--- The problem ---
The lines of the records that include "Constant" should all be copied.

Dataset entries:
-------

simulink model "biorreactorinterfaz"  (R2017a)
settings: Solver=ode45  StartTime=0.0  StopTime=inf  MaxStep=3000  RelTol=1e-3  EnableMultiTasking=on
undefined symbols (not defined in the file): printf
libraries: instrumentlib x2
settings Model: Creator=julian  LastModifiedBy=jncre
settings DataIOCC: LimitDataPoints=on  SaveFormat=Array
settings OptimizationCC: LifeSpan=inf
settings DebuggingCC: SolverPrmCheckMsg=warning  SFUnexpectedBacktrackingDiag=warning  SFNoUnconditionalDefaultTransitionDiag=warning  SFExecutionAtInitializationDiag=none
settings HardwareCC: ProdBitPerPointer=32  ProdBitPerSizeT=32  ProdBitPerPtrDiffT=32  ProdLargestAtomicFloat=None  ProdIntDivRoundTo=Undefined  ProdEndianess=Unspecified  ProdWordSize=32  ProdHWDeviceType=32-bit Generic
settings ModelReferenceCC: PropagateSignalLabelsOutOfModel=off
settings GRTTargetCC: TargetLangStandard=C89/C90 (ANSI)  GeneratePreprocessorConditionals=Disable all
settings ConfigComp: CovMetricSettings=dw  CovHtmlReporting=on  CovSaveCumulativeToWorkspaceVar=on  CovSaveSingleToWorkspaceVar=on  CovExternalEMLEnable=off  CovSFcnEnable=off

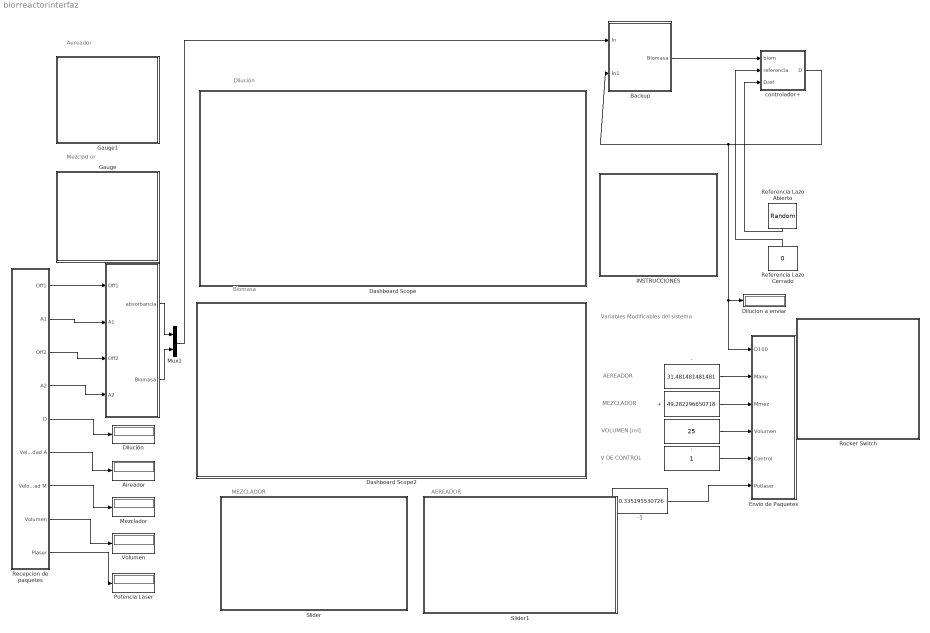
== system biorreactorinterfaz ==
  note: MEZCLADOR
  note: Variables Modificables del sistema
  note: Aereador
  note: Mezclad or
  note: Dilución
  note: Biomasa
  note: AEREADOR
  note: VOLUMEN [ml]
  note: V DE CONTROL
  note: MEZCLADOR
  note: AEREADOR
  " " : Subsystem
  "    " : Constant  OutMin=[0]  OutMax=[255]
  "  Referencia Lazo Abierto" : RandomNumber  Variance=0  SampleTime=60
  "  Referencia Lazo Cerrado" : Constant  Value=0  OutMin=[0]  OutMax=[255]
  + : Constant  Value=49.282296650718  OutMin=[0]  OutMax=[255]
  - : Constant  Value=31.481481481481  OutMin=[0]  OutMax=[255]
  -1 : Constant  Value=10.335195530726  OutMin=[0]  OutMax=[255]
  . : Constant  Value=25  OutMin=[0]  OutMax=[255]
  Aireador : Display
  "Backup " : Subsystem
  Dashboard Scope : Subsystem  DialogController=hmiCreateDDGDialog  IsWebBlock=on  mask(MWDashboardBlock){webBlockId=8c9dad69-430c-4d74-ad86-4bac776ac25d, webBlockType=sdiscope, ShowInitialText=on, HMISrcModelName=biorreactorinterfaz}
      mask prompts: webBlockId "WebBlock Id"; webBlockType "WebBlock Type"; HMISrcModelName "Source Model"
      mask help: SimulinkHMI:dialogs:HMIScopeDialogDesc
      mask Help: helpview([docroot '/mapfiles/simulink.map'], 'hmi_scope')
      mask Display:
      | if strcmp(get_param(bdroot(gcb),'BlockDiagramType'), 'library')
      |     image([(matlabroot) '/toolbox/simulink/hmi/icons/DashboardScope.png']);
      | end
  Dashboard Scope2 : Subsystem  DialogController=hmiCreateDDGDialog  IsWebBlock=on  mask(MWDashboardBlock){webBlockId=8b4aa089-d446-4a71-ab19-24e3a6b59003, webBlockType=sdiscope, ShowInitialText=on, HMISrcModelName=biorreactorinterfaz}
      mask prompts: webBlockId "WebBlock Id"; webBlockType "WebBlock Type"; HMISrcModelName "Source Model"
      mask help: SimulinkHMI:dialogs:HMIScopeDialogDesc
      mask Help: helpview([docroot '/mapfiles/simulink.map'], 'hmi_scope')
      mask Display:
      | if strcmp(get_param(bdroot(gcb),'BlockDiagramType'), 'library')
      |     image([(matlabroot) '/toolbox/simulink/hmi/icons/DashboardScope.png']);
      | end
  "Dilucion a enviar " : Display
  "Dilución " : Display
  "Envio de Paquetes " : Subsystem
  Gauge : Subsystem  DialogController=hmiCreateDDGDialog  IsWebBlock=on  mask(MWDashboardBlock){webBlockId=1771e7b1-d5a9-4a2a-b403-68d7d56c6e4f, webBlockType=circulargauge, ShowInLibBrowser=on, ShowInitialText=on, HMISrcModelName=biorreactorinterfaz}
      mask prompts: webBlockId "WebBlock Id"; webBlockType "WebBlock Type"; HMISrcModelName "Source Model"
      mask help: SimulinkHMI:dialogs:CircularGaugeDialogDesc
      mask Help: helpview([docroot '/mapfiles/simulink.map'], 'hmi_gauge')
      mask Display:
      | if strcmp(get_param(bdroot(gcb),'BlockDiagramType'), 'library')
      |     image([(matlabroot) '/toolbox/simulink/hmi/icons/CircularGauge.png']);
      | end
  Gauge1 : Subsystem  DialogController=hmiCreateDDGDialog  IsWebBlock=on  mask(MWDashboardBlock){webBlockId=77ca28d1-152a-4355-9c8a-97edce774be2, webBlockType=circulargauge, ShowInLibBrowser=on, ShowInitialText=on, HMISrcModelName=biorreactorinterfaz}
      mask prompts: webBlockId "WebBlock Id"; webBlockType "WebBlock Type"; HMISrcModelName "Source Model"
      mask help: SimulinkHMI:dialogs:CircularGaugeDialogDesc
      mask Help: helpview([docroot '/mapfiles/simulink.map'], 'hmi_gauge')
      mask Display:
      | if strcmp(get_param(bdroot(gcb),'BlockDiagramType'), 'library')
      |     image([(matlabroot) '/toolbox/simulink/hmi/icons/CircularGauge.png']);
      | end
  "INSTRUCCIONES " : Subsystem
      mask Display: image('C:\Users\Plantas\Desktop\imagenes\manual-154693_960_720.png');
  Mezclador : Display
  Mux1 : Mux  Inputs=2
  Potencia Laser : Display
  Recepcion de paquetes : Subsystem
  Rocker Switch : Subsystem  DialogController=hmiCreateDDGDialog  IsWebBlock=on  mask(MWDashboardBlock){webBlockId=eba58b42-0445-4a4d-9247-ee86cb05d07f, webBlockType=rockerswitch, ShowInLibBrowser=on, ShowInitialText=on, HMISrcModelName=biorreactorinterfaz}
      mask prompts: webBlockId "WebBlock Id"; webBlockType "WebBlock Type"; HMISrcModelName "Source Model"
      mask help: SimulinkHMI:dialogs:SwitchDialogDesc
      mask Help: helpview([docroot '/mapfiles/simulink.map'], 'hmi_rocker_switch')
      mask Display:
      | if strcmp(get_param(bdroot(gcb),'BlockDiagramType'), 'library')
      |     image([(matlabroot) '/toolbox/simulink/hmi/icons/RockerSwitch.png']);
      | end
  Slider : Subsystem  DialogController=hmiCreateDDGDialog  IsWebBlock=on  mask(MWDashboardBlock){webBlockId=72a49820-ff40-447c-a531-f8c26b851cc1, webBlockType=slider, ShowInLibBrowser=on, ShowInitialText=on, HMISrcModelName=biorreactorinterfaz}
      mask prompts: webBlockId "WebBlock Id"; webBlockType "WebBlock Type"; HMISrcModelName "Source Model"
      mask help: SimulinkHMI:dialogs:SliderDialogDesc
      mask Help: helpview([docroot '/mapfiles/simulink.map'], 'hmi_slider')
      mask Display:
      | if strcmp(get_param(bdroot(gcb),'BlockDiagramType'), 'library')
      |     image([(matlabroot) '/toolbox/simulink/hmi/icons/Slider.png']);
      | end
  Slider1 : Subsystem  DialogController=hmiCreateDDGDialog  IsWebBlock=on  mask(MWDashboardBlock){webBlockId=74fe66a2-b3d6-4ef4-9024-48ee337486ba, webBlockType=slider, ShowInLibBrowser=on, ShowInitialText=on, HMISrcModelName=biorreactorinterfaz}
      mask prompts: webBlockId "WebBlock Id"; webBlockType "WebBlock Type"; HMISrcModelName "Source Model"
      mask help: SimulinkHMI:dialogs:SliderDialogDesc
      mask Help: helpview([docroot '/mapfiles/simulink.map'], 'hmi_slider')
      mask Display:
      | if strcmp(get_param(bdroot(gcb),'BlockDiagramType'), 'library')
      |     image([(matlabroot) '/toolbox/simulink/hmi/icons/Slider.png']);
      | end
  Volumen : Display
  controlador+ : Subsystem
  wires:
  ./1 -> "Envio de Paquetes "/4(Volumen)
  Recepcion de paquetes/6("Velocidad A ") -> Aireador/1
  Recepcion de paquetes/7(Velocidad M) -> Mezclador/1
  Recepcion de paquetes/5(D) -> "Dilución "/1
  "Backup "/1(Biomasa) -> controlador+/1(biom)
  Mux1/1 -> "Backup "/1(In)
  " "/1(absorbancia) -> Mux1/1
  " "/2("Biomasa ") -> Mux1/2
  Recepcion de paquetes/8(Volumen) -> Volumen/1
  controlador+/1(D) -> "Envio de Paquetes "/1(D100), "Dilucion a enviar "/1, "Backup "/2(In1)
  "  Referencia Lazo Abierto"/1 -> controlador+/3(Dref)
  "  Referencia Lazo Cerrado"/1 -> controlador+/2(referencia)
  -/1 -> "Envio de Paquetes "/2(Maire)
  +/1 -> "Envio de Paquetes "/3(Mmez)
  "    "/1 -> "Envio de Paquetes "/5(Control)
  -1/1 -> "Envio de Paquetes "/6(Potlaser)
  Recepcion de paquetes/9(Plaser) -> Potencia Laser/1
  Recepcion de paquetes/2("A1 ") -> " "/2(A1)
  Recepcion de paquetes/1(Off1) -> " "/1(Off1)
  Recepcion de paquetes/3(Off2) -> " "/3(Off2)
  Recepcion de paquetes/4("A2 ") -> " "/4(A2)

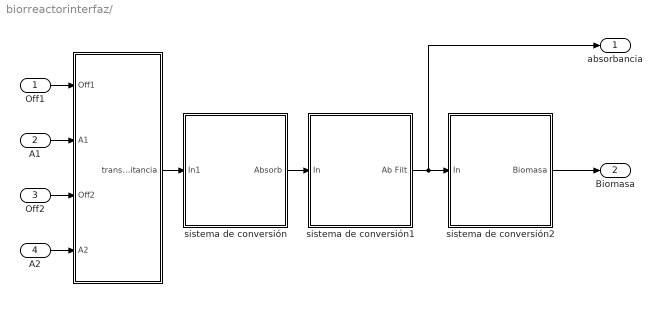
== system biorreactorinterfaz/  ==
  Off1 : Inport
  A1 : Inport  Port=2
  Off2 : Inport  Port=3
  A2 : Inport  Port=4
  " " : Subsystem
  sistema de conversión : Subsystem
  sistema de conversión1 : Subsystem
  sistema de conversión2 : Subsystem
  absorbancia : Outport
  "Biomasa " : Outport  Port=2
  wires:
  sistema de conversión2/1(Biomasa) -> "Biomasa "/1
  A1/1 -> " "/2(A1)
  " "/1("transmitancia ") -> sistema de conversión/1(In1)
  sistema de conversión/1(Absorb) -> sistema de conversión1/1(In)
  Off2/1 -> " "/3(Off2)
  sistema de conversión1/1(Ab Filt) -> absorbancia/1, sistema de conversión2/1(In)
  Off1/1 -> " "/1(Off1)
  A2/1 -> " "/4(A2)

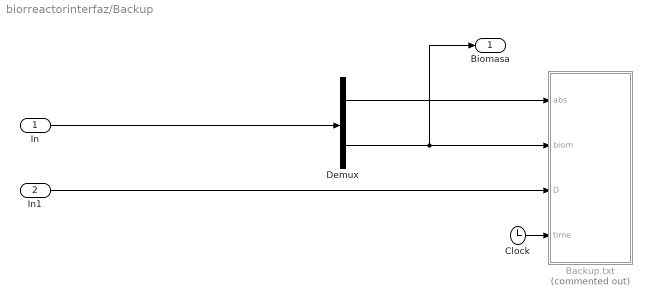
== system biorreactorinterfaz/Backup  ==
  In : Inport
  In1 : Inport  Port=2
  Backup.txt : MATLAB Function  Commented=on  TreatAsAtomicUnit=on
  Clock : Clock
  Demux : Demux  Outputs=2
  Biomasa : Outport
  wires:
  Clock/1 -> Backup.txt/4(time)
  In1/1 -> Backup.txt/3(D)
  Demux/2 -> Biomasa/1, Backup.txt/2(biom)
  Demux/1 -> Backup.txt/1(abs)
  In/1 -> Demux/1

== system biorreactorinterfaz/Dashboard Scope ==

== system biorreactorinterfaz/Dashboard Scope2 ==

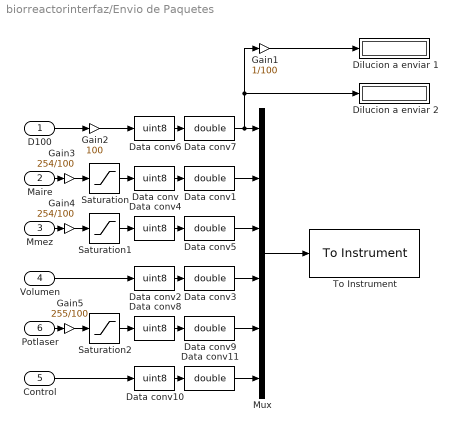
== system biorreactorinterfaz/Envio de Paquetes  ==
  D100 : Inport
  Maire : Inport  Port=2
  Mmez : Inport  Port=3
  Volumen : Inport  Port=4
  Control : Inport  Port=5
  Potlaser : Inport  Port=6
  Data conv{,2,4,6,8,10} (6 alike) : DataTypeConversion  OutDataTypeStr=uint8
  Data conv{1,3,5,7,9,11} (6 alike) : DataTypeConversion  OutDataTypeStr=double
  Dilucion a enviar 1 : Display
  Dilucion a enviar 2 : Display
  Gain1 : Gain  Gain=1/100
  Gain2 : Gain  Gain=100
  Gain3 : Gain  Gain=254/100
  Gain4 : Gain  Gain=254/100
  Gain5 : Gain  Gain=255/100
  Mux : Mux  Inputs=6
  Saturation : Saturate  UpperLimit=254  LowerLimit=0
  Saturation1 : Saturate  UpperLimit=254  LowerLimit=0
  Saturation2 : Saturate  UpperLimit=255  LowerLimit=0
  To Instrument : instrumentlib/To Instrument  sampleTime=60  isWorkspaceObject=off  timeout=30000  inputBufferSize=200  protocol=Serial  serialPort=COM4  baudRate=9600  gpibVendor=Agilent Technologies  boardIndex=0  primaryAddress=1  secondaryAddress=0  visaVendor=Agilent  visaSerialPort=0  chassisIndex=0  logicalAddress=0  tcpRemoteHost='127.0.0.1'  tcpRemotePort=4500  udpRemoteHost='127.0.0.1'  udpRemotePort=9090  visaTCPBoardIndex=0  visaTCPRemoteHost='127.0.0.1'  usbBoardIndex=0  usbManufID=0  usbModelCode=0  usbSerialNumber=0  initAction=None  initCommand='G 0 70 100 0 255 1 F\n'  initFunction="printf(\"INICIO:0.1 125 5/n\")"  command=''  sendFormat=ASCII  asciiFormatting='G %i %i %i %i %i %i F\n'  precision=32-bit integer  byteOrder=Little endian
      settings: SourceProductName=Instrument Control Toolbox  SourceProductBaseCode=IC
  wires:
  Mmez/1 -> Gain4/1
  Volumen/1 -> Data conv2/1
  Mux/1 -> To Instrument/1
  Data conv/1 -> Data conv1/1
  Data conv1/1 -> Mux/2
  Gain1/1 -> Dilucion a enviar 1/1
  Data conv2/1 -> Data conv3/1
  Data conv3/1 -> Mux/4
  Data conv4/1 -> Data conv5/1
  Data conv5/1 -> Mux/3
  Data conv6/1 -> Data conv7/1
  Data conv7/1 -> Dilucion a enviar 2/1, Gain1/1, Mux/1
  Data conv9/1 -> Mux/5
  Data conv8/1 -> Data conv9/1
  Data conv10/1 -> Data conv11/1
  Control/1 -> Data conv10/1
  Data conv11/1 -> Mux/6
  D100/1 -> Gain2/1
  Gain2/1 -> Data conv6/1
  Saturation1/1 -> Data conv4/1
  Gain3/1 -> Saturation/1
  Saturation/1 -> Data conv/1
  Gain4/1 -> Saturation1/1
  Maire/1 -> Gain3/1
  Gain5/1 -> Saturation2/1
  Potlaser/1 -> Gain5/1
  Saturation2/1 -> Data conv8/1

== system biorreactorinterfaz/Gauge ==

== system biorreactorinterfaz/Gauge1 ==

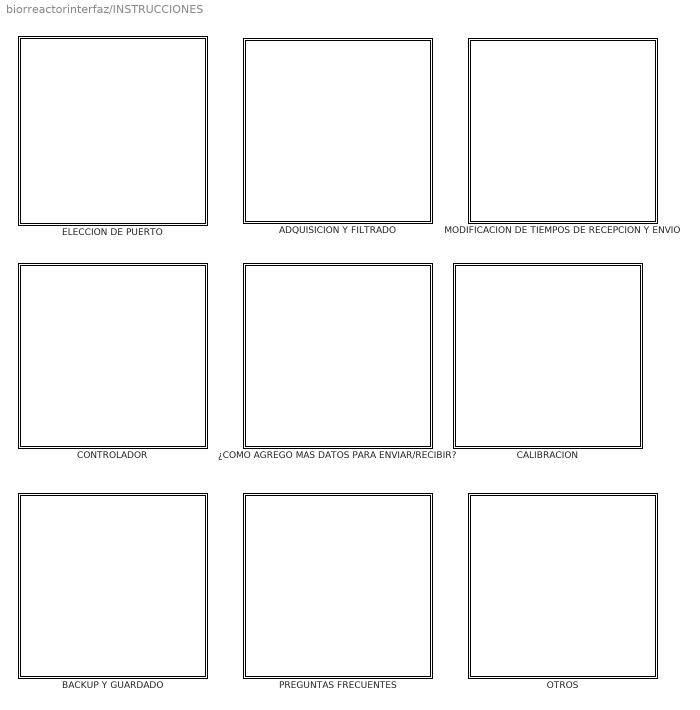
== system biorreactorinterfaz/INSTRUCCIONES  ==
  "ADQUISICION Y FILTRADO " : Subsystem
  BACKUP Y GUARDADO : Subsystem
  CALIBRACION : Subsystem
  CONTROLADOR : Subsystem
  "ELECCION DE PUERTO " : Subsystem
  MODIFICACION DE TIEMPOS DE RECEPCION Y ENVIO : Subsystem
  "OTROS " : Subsystem
  PREGUNTAS FRECUENTES : Subsystem
  ¿COMO AGREGO MAS DATOS PARA ENVIAR/RECIBIR? : Subsystem

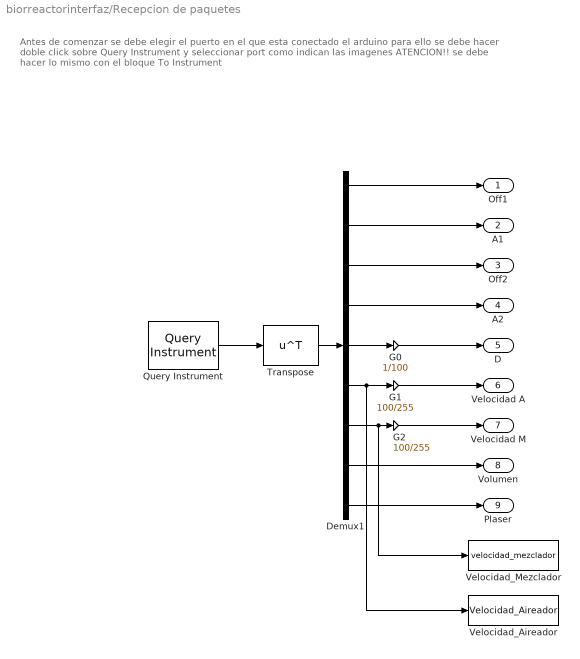
== system biorreactorinterfaz/Recepcion de paquetes ==
  note: Antes de comenzar se debe elegir el puerto en el que esta conectado el arduino
      | para ello se debe hacer doble click sobre Query Instrument y seleccionar port
      | como indican las imagenes
      | ATENCION!! se debe hacer lo mismo con el bloque To Instrument
  Demux1 : Demux  Outputs=9
  G0 : Gain  Gain=1/100
  G1 : Gain  Gain=100/255
  G2 : Gain  Gain=100/255
  Query Instrument : instrumentlib/Query Instrument  sampleTime=3  isWorkspaceObject=off  timeout=90  inputBufferSize=1200  protocol=Serial  serialPort=COM4  baudRate=9600  gpibVendor=Agilent Technologies  boardIndex=0  primaryAddress=1  secondaryAddress=0  visaVendor=Agilent  visaSerialPort=0  chassisIndex=0  logicalAddress=0  tcpRemoteHost='127.0.0.1'  tcpRemotePort=4500  udpRemoteHost='127.0.0.1'  udpRemotePort=9090  visaTCPBoardIndex=0  visaTCPRemoteHost='127.0.0.1'  usbBoardIndex=0  usbManufID=0  usbModelCode=0  usbSerialNumber=0  initAction=Send ASCII Commands  initCommand='G 0 70 100 0 255 1 F\n'  initFunction=get  queryCommand=''  responseFormat=ASCII  asciiFormatting='S,%d,%d,%d,%d,%d,%d,%d,%d,%d,E'  precision=8-bit integer  byteOrder=Little endian  valuesToRead=1  removeBytes=on  afterOutputAction=Repeat query for new data  enableFrames=on  frameSize=9
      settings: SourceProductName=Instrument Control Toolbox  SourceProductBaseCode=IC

-------

--- Output of the exercise ---
  "    " : Constant  OutMin=[0]  OutMax=[255]
  "  Referencia Lazo Cerrado" : Constant  Value=0  OutMin=[0]  OutMax=[255]
  + : Constant  Value=49.282296650718  OutMin=[0]  OutMax=[255]
  - : Constant  Value=31.481481481481  OutMin=[0]  OutMax=[255]
  -1 : Constant  Value=10.335195530726  OutMin=[0]  OutMax=[255]
  . : Constant  Value=25  OutMin=[0]  OutMax=[255]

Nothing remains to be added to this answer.